**Instructions to follow**: Here are the records. Write out exactly the lines between the one holding "#89=EDGE_LOOP('',(#73,#81,#87,#88));" and the one holding "#101=CIRCLE('',#100,3.2);", inclusive.

(Records from a data source)
☆ ☆ ☆ ☆ ☆

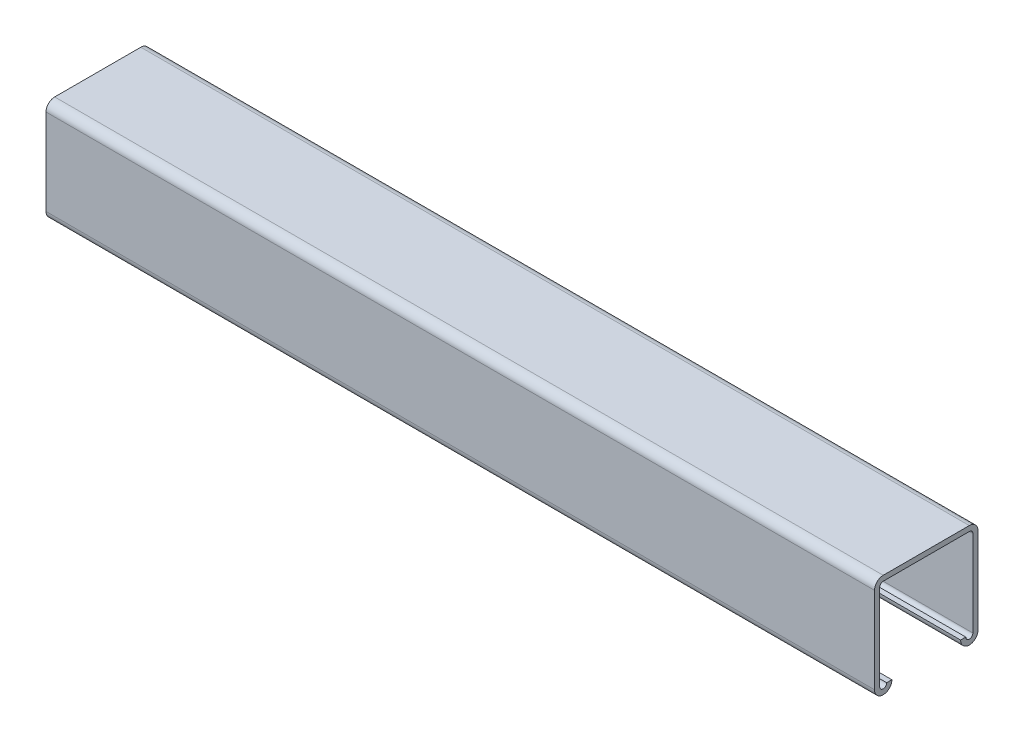
ISO-10303-21;
HEADER;
FILE_DESCRIPTION(('STEP AP214'),'2;1');
FILE_NAME('part.step','',(''),(''),'','','');
FILE_SCHEMA(('AUTOMOTIVE_DESIGN { 1 0 10303 214 1 1 1 1 }'));
ENDSEC;
DATA;
#1=APPLICATION_CONTEXT('core data for automotive mechanical design processes');
#2=APPLICATION_PROTOCOL_DEFINITION('international standard','automotive_design',2000,#1);
#3=PRODUCT_CONTEXT('',#1,'mechanical');
#4=PRODUCT('Part','Part','',(#3));
#5=PRODUCT_RELATED_PRODUCT_CATEGORY('part','',(#4));
#6=PRODUCT_DEFINITION_FORMATION('','',#4);
#7=PRODUCT_DEFINITION_CONTEXT('part definition',#1,'design');
#8=PRODUCT_DEFINITION('design','',#6,#7);
#9=PRODUCT_DEFINITION_SHAPE('','',#8);
#10=(LENGTH_UNIT() NAMED_UNIT(*) SI_UNIT(.MILLI.,.METRE.));
#11=(NAMED_UNIT(*) PLANE_ANGLE_UNIT() SI_UNIT($,.RADIAN.));
#12=(NAMED_UNIT(*) SI_UNIT($,.STERADIAN.) SOLID_ANGLE_UNIT());
#13=UNCERTAINTY_MEASURE_WITH_UNIT(LENGTH_MEASURE(1.E-05),#10,'distance_accuracy_value','');
#14=(GEOMETRIC_REPRESENTATION_CONTEXT(3) GLOBAL_UNCERTAINTY_ASSIGNED_CONTEXT((#13)) GLOBAL_UNIT_ASSIGNED_CONTEXT((#10,
#11,#12)) REPRESENTATION_CONTEXT('',''));
#15=CARTESIAN_POINT('',(0.,0.,0.));
#16=DIRECTION('',(0.,0.,1.));
#17=DIRECTION('',(1.,0.,0.));
#18=AXIS2_PLACEMENT_3D('',#15,#16,#17);
#19=CARTESIAN_POINT('',(305.,-34.9,-15.85));
#20=DIRECTION('',(-1.,0.,0.));
#21=DIRECTION('',(0.,0.,1.));
#22=AXIS2_PLACEMENT_3D('',#19,#20,#21);
#23=CYLINDRICAL_SURFACE('',#22,1.3);
#24=CARTESIAN_POINT('',(0.,-34.9,-15.85));
#25=DIRECTION('',(1.,0.,0.));
#26=DIRECTION('',(0.,0.,1.));
#27=AXIS2_PLACEMENT_3D('',#24,#25,#26);
#28=CIRCLE('',#27,1.3);
#29=CARTESIAN_POINT('',(0.,-34.9,-17.15));
#30=VERTEX_POINT('',#29);
#31=CARTESIAN_POINT('',(0.,-34.9,-14.55));
#32=VERTEX_POINT('',#31);
#33=EDGE_CURVE('E176',#30,#32,#28,.F.);
#34=ORIENTED_EDGE('',*,*,#33,.T.);
#35=DIRECTION('',(-1.,0.,0.));
#36=VECTOR('',#35,1.);
#37=CARTESIAN_POINT('',(305.,-34.9,-14.55));
#38=LINE('',#37,#36);
#39=CARTESIAN_POINT('',(305.,-34.9,-14.55));
#40=VERTEX_POINT('',#39);
#41=EDGE_CURVE('E11',#40,#32,#38,.T.);
#42=ORIENTED_EDGE('',*,*,#41,.F.);
#43=CARTESIAN_POINT('',(305.,-34.9,-15.85));
#44=DIRECTION('',(1.,0.,0.));
#45=DIRECTION('',(0.,0.,1.));
#46=AXIS2_PLACEMENT_3D('',#43,#44,#45);
#47=CIRCLE('',#46,1.3);
#48=CARTESIAN_POINT('',(305.,-34.9,-17.15));
#49=VERTEX_POINT('',#48);
#50=EDGE_CURVE('E113',#49,#40,#47,.F.);
#51=ORIENTED_EDGE('',*,*,#50,.F.);
#52=DIRECTION('',(-1.,0.,0.));
#53=VECTOR('',#52,1.);
#54=CARTESIAN_POINT('',(305.,-34.9,-17.15));
#55=LINE('',#54,#53);
#56=EDGE_CURVE('E172',#49,#30,#55,.T.);
#57=ORIENTED_EDGE('',*,*,#56,.T.);
#58=EDGE_LOOP('',(#34,#42,#51,#57));
#59=FACE_BOUND('',#58,.T.);
#60=ADVANCED_FACE('F33',(#59),#23,.F.);
#61=CARTESIAN_POINT('',(305.,-34.9,-12.65));
#62=DIRECTION('',(0.,1.,0.));
#63=DIRECTION('',(0.,0.,1.));
#64=AXIS2_PLACEMENT_3D('',#61,#62,#63);
#65=PLANE('',#64);
#66=DIRECTION('',(0.,0.,-1.));
#67=VECTOR('',#66,1.);
#68=CARTESIAN_POINT('',(0.,-34.9,-12.65));
#69=LINE('',#68,#67);
#70=CARTESIAN_POINT('',(0.,-34.9,-12.65));
#71=VERTEX_POINT('',#70);
#72=EDGE_CURVE('E179',#71,#32,#69,.T.);
#73=ORIENTED_EDGE('',*,*,#72,.F.);
#74=DIRECTION('',(-1.,0.,0.));
#75=VECTOR('',#74,1.);
#76=CARTESIAN_POINT('',(305.,-34.9,-12.65));
#77=LINE('',#76,#75);
#78=CARTESIAN_POINT('',(305.,-34.9,-12.65));
#79=VERTEX_POINT('',#78);
#80=EDGE_CURVE('E41',#79,#71,#77,.T.);
#81=ORIENTED_EDGE('',*,*,#80,.F.);
#82=DIRECTION('',(0.,0.,-1.));
#83=VECTOR('',#82,1.);
#84=CARTESIAN_POINT('',(305.,-34.9,-12.65));
#85=LINE('',#84,#83);
#86=EDGE_CURVE('E261',#79,#40,#85,.T.);
#87=ORIENTED_EDGE('',*,*,#86,.T.);
#88=ORIENTED_EDGE('',*,*,#41,.T.);
#89=EDGE_LOOP('',(#73,#81,#87,#88));
#90=FACE_BOUND('',#89,.T.);
#91=ADVANCED_FACE('F248',(#90),#65,.T.);
#92=CARTESIAN_POINT('',(305.,-34.9,-15.85));
#93=DIRECTION('',(-1.,0.,0.));
#94=DIRECTION('',(0.,0.,1.));
#95=AXIS2_PLACEMENT_3D('',#92,#93,#94);
#96=CYLINDRICAL_SURFACE('',#95,3.2);
#97=CARTESIAN_POINT('',(0.,-34.9,-15.85));
#98=DIRECTION('',(-1.,0.,0.));
#99=DIRECTION('',(0.,0.,1.));
#100=AXIS2_PLACEMENT_3D('',#97,#98,#99);
#101=CIRCLE('',#100,3.2);
#102=CARTESIAN_POINT('',(0.,-34.9,-19.05));
#103=VERTEX_POINT('',#102);
#104=EDGE_CURVE('E182',#103,#71,#101,.T.);
#105=ORIENTED_EDGE('',*,*,#104,.F.);
#106=DIRECTION('',(-1.,0.,0.));
#107=VECTOR('',#106,1.);
#108=CARTESIAN_POINT('',(305.,-34.9,-19.05));
#109=LINE('',#108,#107);
#110=CARTESIAN_POINT('',(305.,-34.9,-19.05));
#111=VERTEX_POINT('',#110);
#112=EDGE_CURVE('E238',#111,#103,#109,.T.);
#113=ORIENTED_EDGE('',*,*,#112,.F.);
#114=CARTESIAN_POINT('',(305.,-34.9,-15.85));
#115=DIRECTION('',(-1.,0.,0.));
#116=DIRECTION('',(0.,0.,1.));
#117=AXIS2_PLACEMENT_3D('',#114,#115,#116);
#118=CIRCLE('',#117,3.2);
#119=EDGE_CURVE('E245',#111,#79,#118,.T.);
#120=ORIENTED_EDGE('',*,*,#119,.T.);
#121=ORIENTED_EDGE('',*,*,#80,.T.);
#122=EDGE_LOOP('',(#105,#113,#120,#121));
#123=FACE_BOUND('',#122,.T.);
#124=ADVANCED_FACE('F243',(#123),#96,.T.);
#125=CARTESIAN_POINT('',(305.,-3.2,-19.05));
#126=DIRECTION('',(0.,0.,-1.));
#127=DIRECTION('',(0.,1.,0.));
#128=AXIS2_PLACEMENT_3D('',#125,#126,#127);
#129=PLANE('',#128);
#130=DIRECTION('',(0.,-1.,0.));
#131=VECTOR('',#130,1.);
#132=CARTESIAN_POINT('',(0.,-3.2,-19.05));
#133=LINE('',#132,#131);
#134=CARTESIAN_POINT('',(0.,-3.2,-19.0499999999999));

☆ ☆ ☆ ☆ ☆

**Exercise solution**:
#89=EDGE_LOOP('',(#73,#81,#87,#88));
#90=FACE_BOUND('',#89,.T.);
#91=ADVANCED_FACE('F248',(#90),#65,.T.);
#92=CARTESIAN_POINT('',(305.,-34.9,-15.85));
#93=DIRECTION('',(-1.,0.,0.));
#94=DIRECTION('',(0.,0.,1.));
#95=AXIS2_PLACEMENT_3D('',#92,#93,#94);
#96=CYLINDRICAL_SURFACE('',#95,3.2);
#97=CARTESIAN_POINT('',(0.,-34.9,-15.85));
#98=DIRECTION('',(-1.,0.,0.));
#99=DIRECTION('',(0.,0.,1.));
#100=AXIS2_PLACEMENT_3D('',#97,#98,#99);
#101=CIRCLE('',#100,3.2);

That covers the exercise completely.